- [TASK DIRECTIONS]
Leave the pictures out while you restate every entry below word for word.

- [INPUT MATERIAL]
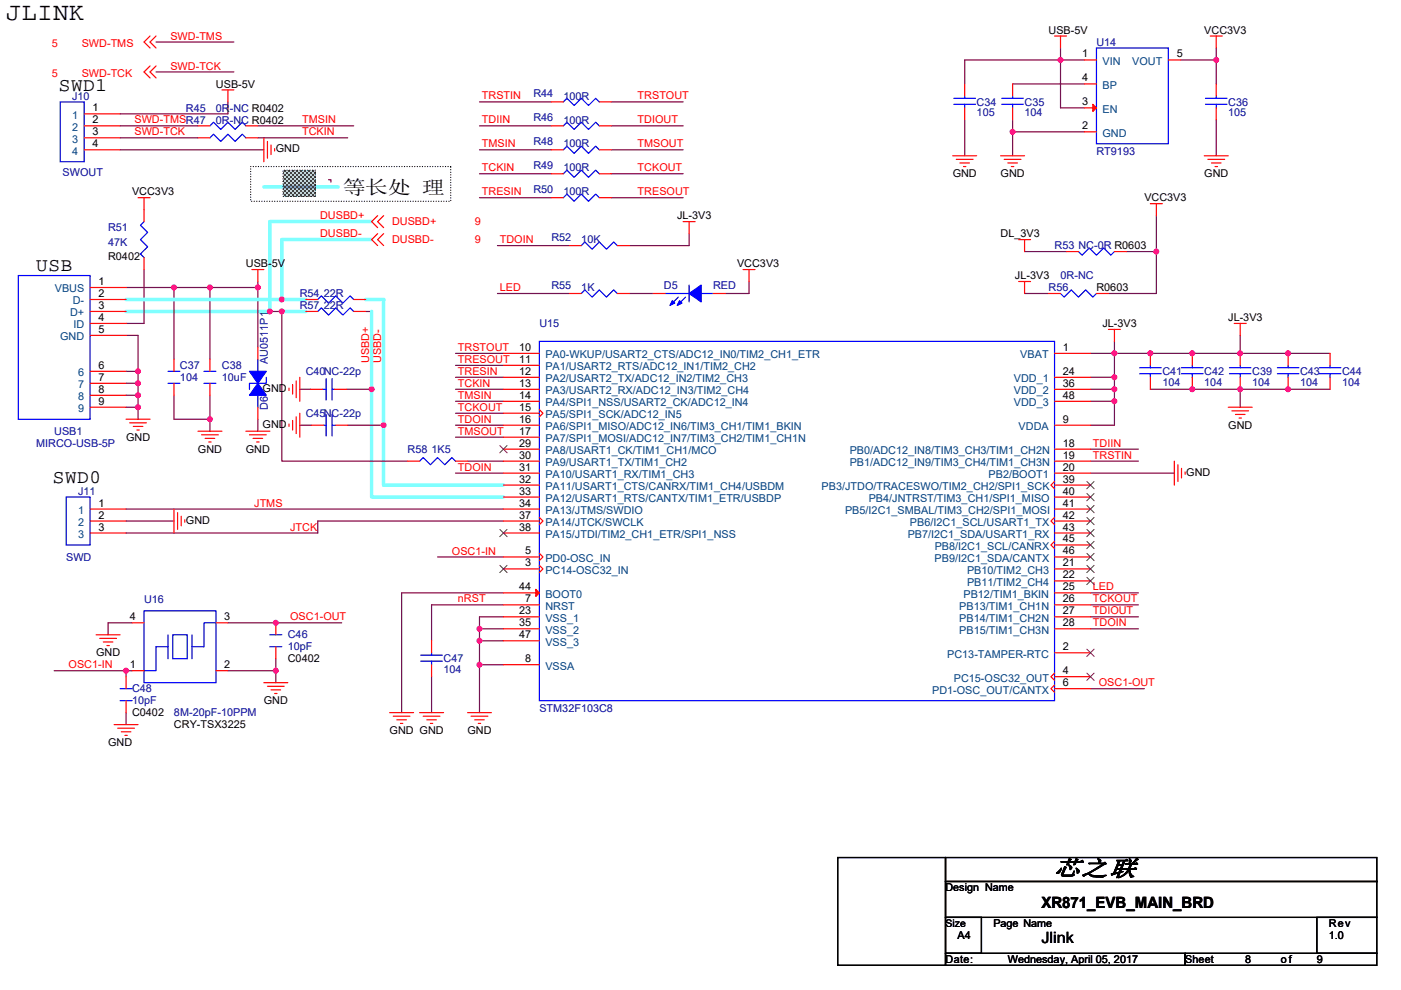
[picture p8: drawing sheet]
<svg xmlns="http://www.w3.org/2000/svg" width="297mm" height="210mm" viewBox="0 0 297 210" stroke-linecap="round" stroke-linejoin="round" font-family="sans-serif">
<path d="M55.9 39.6h15.8M78.8 50.8h-19v12.7M78.8 47h-21.6v19.1h-30.5M26.7 63.5h33.1M59.8 66.1h5M59.8 63.5h5M77.5 63.5h3.8v39.4h25.4M78.8 66.1v39.3h27.9" fill="none" stroke="#80ffff" stroke-width=".76"/>
<path d="M60 36.1h6.9v5.6h-6.9z" fill-rule="evenodd" fill="#008000" stroke="#008000" stroke-width=".25" stroke-dasharray="0 .5"/>
<path d="M53.1 35.3h42.5v7.4h-42.5z" fill="none" stroke="#000" stroke-width=".25" stroke-dasharray="0 .5"/>
<g fill="none" stroke="#800040" stroke-width=".25">
<path d="M33.1 8.9h16.5M33.1 15.3h16.5M214.7 17.8h15.2M224.8 12.7v10.2h5.1M224.9 12.7h5M224.9 12.7h-20.4v5.1M224.9 10.2v2.5M250.2 12.7h7.7M257.9 10.2v2.5M257.9 12.7v5.1M25.5 31.8h30.4M25.5 26.7h16.5"/>
<path d="M25.5 29.2h16.5M48.3 21.6v2.6h-22.8M54.7 26.7h20.3M54.7 29.2h19M69.7 38.1h.5v.5M101.7 21.6h15.2M101.7 26.7h15.2M101.7 31.8h15.2M101.7 36.9h15.2M129.6 21.6h15.2M129.6 26.7h15.2M129.6 31.8h15.2"/>
<path d="M129.6 36.9h15.2M204.5 25.4v7.6M214.7 25.4v2.6M214.7 28v5M214.7 28h15.2M257.9 25.4v7.6M30.5 57.2v11.4h-3.8M54.7 59.7v1.3M101.7 41.9h15.2M105.5 52.1h15.2M129.6 41.9h15.2M146.1 49.6v2.5h-12.7"/>
<path d="M158.8 59.7v2.6h-5.1M217.2 53.4h8.9M238.8 53.4h6.4M245.2 53.4v8.9h-10.2M245.2 45.7v7.7M26.7 61h10.2M26.7 71.1h2.6v7.7M26.7 78.8h2.6M29.3 78.8v2.5M36.9 61h7.6M36.9 61v15.2M44.5 61h10.2"/>
<path d="M44.5 61v15.2M54.7 61v12.7M57.2 66.1h2.6v31.7h26.6M77.5 66.1h1.3M96.6 75h10.1M96.6 77.5h10.1M105.5 62.3h15.2M133.4 62.3h5.1M217.2 62.3h5.1M231.2 75h5.1M236.3 75h26.6M236.3 72.4v2.6"/>
<path d="M236.3 75v5M262.9 71.1v3.9M263 75h19M26.7 81.3h2.6M26.7 83.8h2.6M26.7 86.4h2.6M29.3 81.3v2.5M29.3 83.8v2.6M29.3 86.4v2.5M36.9 83.8v5.1h7.6M44.5 88.9v2.6M44.5 83.8v5.1"/>
<path d="M54.7 88.9v2.6M63.6 90.2h2.5M63.6 82.6h2.2M73.5 82.6h5.3M73.7 90.2h7.6M96.6 80h10.1M96.6 82.6h10.1M96.6 85.1h10.1M96.6 87.7h10.1M96.6 90.2h10.1M96.6 92.7h10.1M99.1 97.8h7.6"/>
<path d="M231.2 95.3h10.2M231.2 80h5.1M231.2 82.6h5.1M231.2 85.1h5.1M231.2 97.8h10.2M236.3 80v2.6M236.3 82.6v2.5M236.3 85.1v5.1h-5.1M243.9 82.6h19M262.9 82.6v3.8M263 82.6h19M26.7 110.5h10.2"/>
<path d="M26.7 108h80M92.8 118.1h13.9M96.6 100.4h10.1M106.7 110.5h-39.3v2.6h-40.7M231.2 100.4h17.8M28 132.1h-5.1v2.5M48.3 132.1h24.2M58.5 139.7v2.6M101.7 133.4v2.5M101.7 135.9h5M101.7 133.4h5M101.7 135.9v5.1"/>
<path d="M106.7 130.8h-5v2.6M106.7 128.3h-15.2v7.6M106.7 125.8h-21.5v25.4M231.2 125.8h10.2M231.2 128.3h10.2M231.2 130.8h10.2M231.2 133.4h10.2M11.5 142.3h15.2M26.7 142.3h1.3M26.7 151.2v2.5M26.7 142.3v1.2M48.3 142.3h10.2"/>
<path d="M58.5 142.3v2.5M91.5 143.5v7.7M101.7 141h5M101.7 141v10.2M231.2 146.1h11.4"/>
</g>
<g fill="#f0f" stroke="#f0f" stroke-width=".25">
<circle cx="101.6" cy="133.4" r=".5"/>
<circle cx="101.6" cy="141" r=".5"/>
<circle cx="101.6" cy="135.9" r=".5"/>
<circle cx="78.8" cy="82.6" r=".5"/>
<circle cx="81.3" cy="90.2" r=".5"/>
<circle cx="59.7" cy="66" r=".5"/>
<circle cx="29.3" cy="78.7" r=".5"/>
<circle cx="273.1" cy="82.6" r=".5"/>
<circle cx="236.3" cy="82.6" r=".5"/>
<circle cx="236.3" cy="85.1" r=".5"/>
<circle cx="243.9" cy="74.9" r=".5"/>
<circle cx="236.3" cy="80" r=".5"/>
<circle cx="236.3" cy="74.9" r=".5"/>
<circle cx="214.7" cy="27.9" r=".5"/>
<circle cx="257.9" cy="12.7" r=".5"/>
<circle cx="224.8" cy="12.7" r=".5"/>
<circle cx="262.9" cy="74.9" r=".5"/>
<circle cx="252.8" cy="74.9" r=".5"/>
<circle cx="262.9" cy="82.6" r=".5"/>
<circle cx="252.8" cy="82.6" r=".5"/>
<circle cx="29.3" cy="81.3" r=".5"/>
<circle cx="29.3" cy="86.4" r=".5"/>
<circle cx="29.3" cy="83.8" r=".5"/>
<circle cx="44.5" cy="88.9" r=".5"/>
<circle cx="44.5" cy="61" r=".5"/>
<circle cx="36.9" cy="61" r=".5"/>
<circle cx="54.7" cy="61" r=".5"/>
<circle cx="58.5" cy="132.1" r=".5"/>
<circle cx="58.5" cy="142.2" r=".5"/>
<circle cx="26.7" cy="142.2" r=".5"/>
<circle cx="273.1" cy="74.9" r=".5"/>
<circle cx="245.2" cy="53.3" r=".5"/>
<circle cx="59.7" cy="63.5" r=".5"/>
<circle cx="57.2" cy="66" r=".5"/>
</g>
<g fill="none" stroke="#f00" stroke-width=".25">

- [REPLY]
[picture p8: drawing sheet]
<svg xmlns="http://www.w3.org/2000/svg" width="297mm" height="210mm" viewBox="0 0 297 210" stroke-linecap="round" stroke-linejoin="round" font-family="sans-serif">
<path d="M55.9 39.6h15.8M78.8 50.8h-19v12.7M78.8 47h-21.6v19.1h-30.5M26.7 63.5h33.1M59.8 66.1h5M59.8 63.5h5M77.5 63.5h3.8v39.4h25.4M78.8 66.1v39.3h27.9" fill="none" stroke="#80ffff" stroke-width=".76"/>
<path d="M60 36.1h6.9v5.6h-6.9z" fill-rule="evenodd" fill="#008000" stroke="#008000" stroke-width=".25" stroke-dasharray="0 .5"/>
<path d="M53.1 35.3h42.5v7.4h-42.5z" fill="none" stroke="#000" stroke-width=".25" stroke-dasharray="0 .5"/>
<g fill="none" stroke="#800040" stroke-width=".25">
<path d="M33.1 8.9h16.5M33.1 15.3h16.5M214.7 17.8h15.2M224.8 12.7v10.2h5.1M224.9 12.7h5M224.9 12.7h-20.4v5.1M224.9 10.2v2.5M250.2 12.7h7.7M257.9 10.2v2.5M257.9 12.7v5.1M25.5 31.8h30.4M25.5 26.7h16.5"/>
<path d="M25.5 29.2h16.5M48.3 21.6v2.6h-22.8M54.7 26.7h20.3M54.7 29.2h19M69.7 38.1h.5v.5M101.7 21.6h15.2M101.7 26.7h15.2M101.7 31.8h15.2M101.7 36.9h15.2M129.6 21.6h15.2M129.6 26.7h15.2M129.6 31.8h15.2"/>
<path d="M129.6 36.9h15.2M204.5 25.4v7.6M214.7 25.4v2.6M214.7 28v5M214.7 28h15.2M257.9 25.4v7.6M30.5 57.2v11.4h-3.8M54.7 59.7v1.3M101.7 41.9h15.2M105.5 52.1h15.2M129.6 41.9h15.2M146.1 49.6v2.5h-12.7"/>
<path d="M158.8 59.7v2.6h-5.1M217.2 53.4h8.9M238.8 53.4h6.4M245.2 53.4v8.9h-10.2M245.2 45.7v7.7M26.7 61h10.2M26.7 71.1h2.6v7.7M26.7 78.8h2.6M29.3 78.8v2.5M36.9 61h7.6M36.9 61v15.2M44.5 61h10.2"/>
<path d="M44.5 61v15.2M54.7 61v12.7M57.2 66.1h2.6v31.7h26.6M77.5 66.1h1.3M96.6 75h10.1M96.6 77.5h10.1M105.5 62.3h15.2M133.4 62.3h5.1M217.2 62.3h5.1M231.2 75h5.1M236.3 75h26.6M236.3 72.4v2.6"/>
<path d="M236.3 75v5M262.9 71.1v3.9M263 75h19M26.7 81.3h2.6M26.7 83.8h2.6M26.7 86.4h2.6M29.3 81.3v2.5M29.3 83.8v2.6M29.3 86.4v2.5M36.9 83.8v5.1h7.6M44.5 88.9v2.6M44.5 83.8v5.1"/>
<path d="M54.7 88.9v2.6M63.6 90.2h2.5M63.6 82.6h2.2M73.5 82.6h5.3M73.7 90.2h7.6M96.6 80h10.1M96.6 82.6h10.1M96.6 85.1h10.1M96.6 87.7h10.1M96.6 90.2h10.1M96.6 92.7h10.1M99.1 97.8h7.6"/>
<path d="M231.2 95.3h10.2M231.2 80h5.1M231.2 82.6h5.1M231.2 85.1h5.1M231.2 97.8h10.2M236.3 80v2.6M236.3 82.6v2.5M236.3 85.1v5.1h-5.1M243.9 82.6h19M262.9 82.6v3.8M263 82.6h19M26.7 110.5h10.2"/>
<path d="M26.7 108h80M92.8 118.1h13.9M96.6 100.4h10.1M106.7 110.5h-39.3v2.6h-40.7M231.2 100.4h17.8M28 132.1h-5.1v2.5M48.3 132.1h24.2M58.5 139.7v2.6M101.7 133.4v2.5M101.7 135.9h5M101.7 133.4h5M101.7 135.9v5.1"/>
<path d="M106.7 130.8h-5v2.6M106.7 128.3h-15.2v7.6M106.7 125.8h-21.5v25.4M231.2 125.8h10.2M231.2 128.3h10.2M231.2 130.8h10.2M231.2 133.4h10.2M11.5 142.3h15.2M26.7 142.3h1.3M26.7 151.2v2.5M26.7 142.3v1.2M48.3 142.3h10.2"/>
<path d="M58.5 142.3v2.5M91.5 143.5v7.7M101.7 141h5M101.7 141v10.2M231.2 146.1h11.4"/>
</g>
<g fill="#f0f" stroke="#f0f" stroke-width=".25">
<circle cx="101.6" cy="133.4" r=".5"/>
<circle cx="101.6" cy="141" r=".5"/>
<circle cx="101.6" cy="135.9" r=".5"/>
<circle cx="78.8" cy="82.6" r=".5"/>
<circle cx="81.3" cy="90.2" r=".5"/>
<circle cx="59.7" cy="66" r=".5"/>
<circle cx="29.3" cy="78.7" r=".5"/>
<circle cx="273.1" cy="82.6" r=".5"/>
<circle cx="236.3" cy="82.6" r=".5"/>
<circle cx="236.3" cy="85.1" r=".5"/>
<circle cx="243.9" cy="74.9" r=".5"/>
<circle cx="236.3" cy="80" r=".5"/>
<circle cx="236.3" cy="74.9" r=".5"/>
<circle cx="214.7" cy="27.9" r=".5"/>
<circle cx="257.9" cy="12.7" r=".5"/>
<circle cx="224.8" cy="12.7" r=".5"/>
<circle cx="262.9" cy="74.9" r=".5"/>
<circle cx="252.8" cy="74.9" r=".5"/>
<circle cx="262.9" cy="82.6" r=".5"/>
<circle cx="252.8" cy="82.6" r=".5"/>
<circle cx="29.3" cy="81.3" r=".5"/>
<circle cx="29.3" cy="86.4" r=".5"/>
<circle cx="29.3" cy="83.8" r=".5"/>
<circle cx="44.5" cy="88.9" r=".5"/>
<circle cx="44.5" cy="61" r=".5"/>
<circle cx="36.9" cy="61" r=".5"/>
<circle cx="54.7" cy="61" r=".5"/>
<circle cx="58.5" cy="132.1" r=".5"/>
<circle cx="58.5" cy="142.2" r=".5"/>
<circle cx="26.7" cy="142.2" r=".5"/>
<circle cx="273.1" cy="74.9" r=".5"/>
<circle cx="245.2" cy="53.3" r=".5"/>
<circle cx="59.7" cy="63.5" r=".5"/>
<circle cx="57.2" cy="66" r=".5"/>
</g>
<g fill="none" stroke="#f00" stroke-width=".25">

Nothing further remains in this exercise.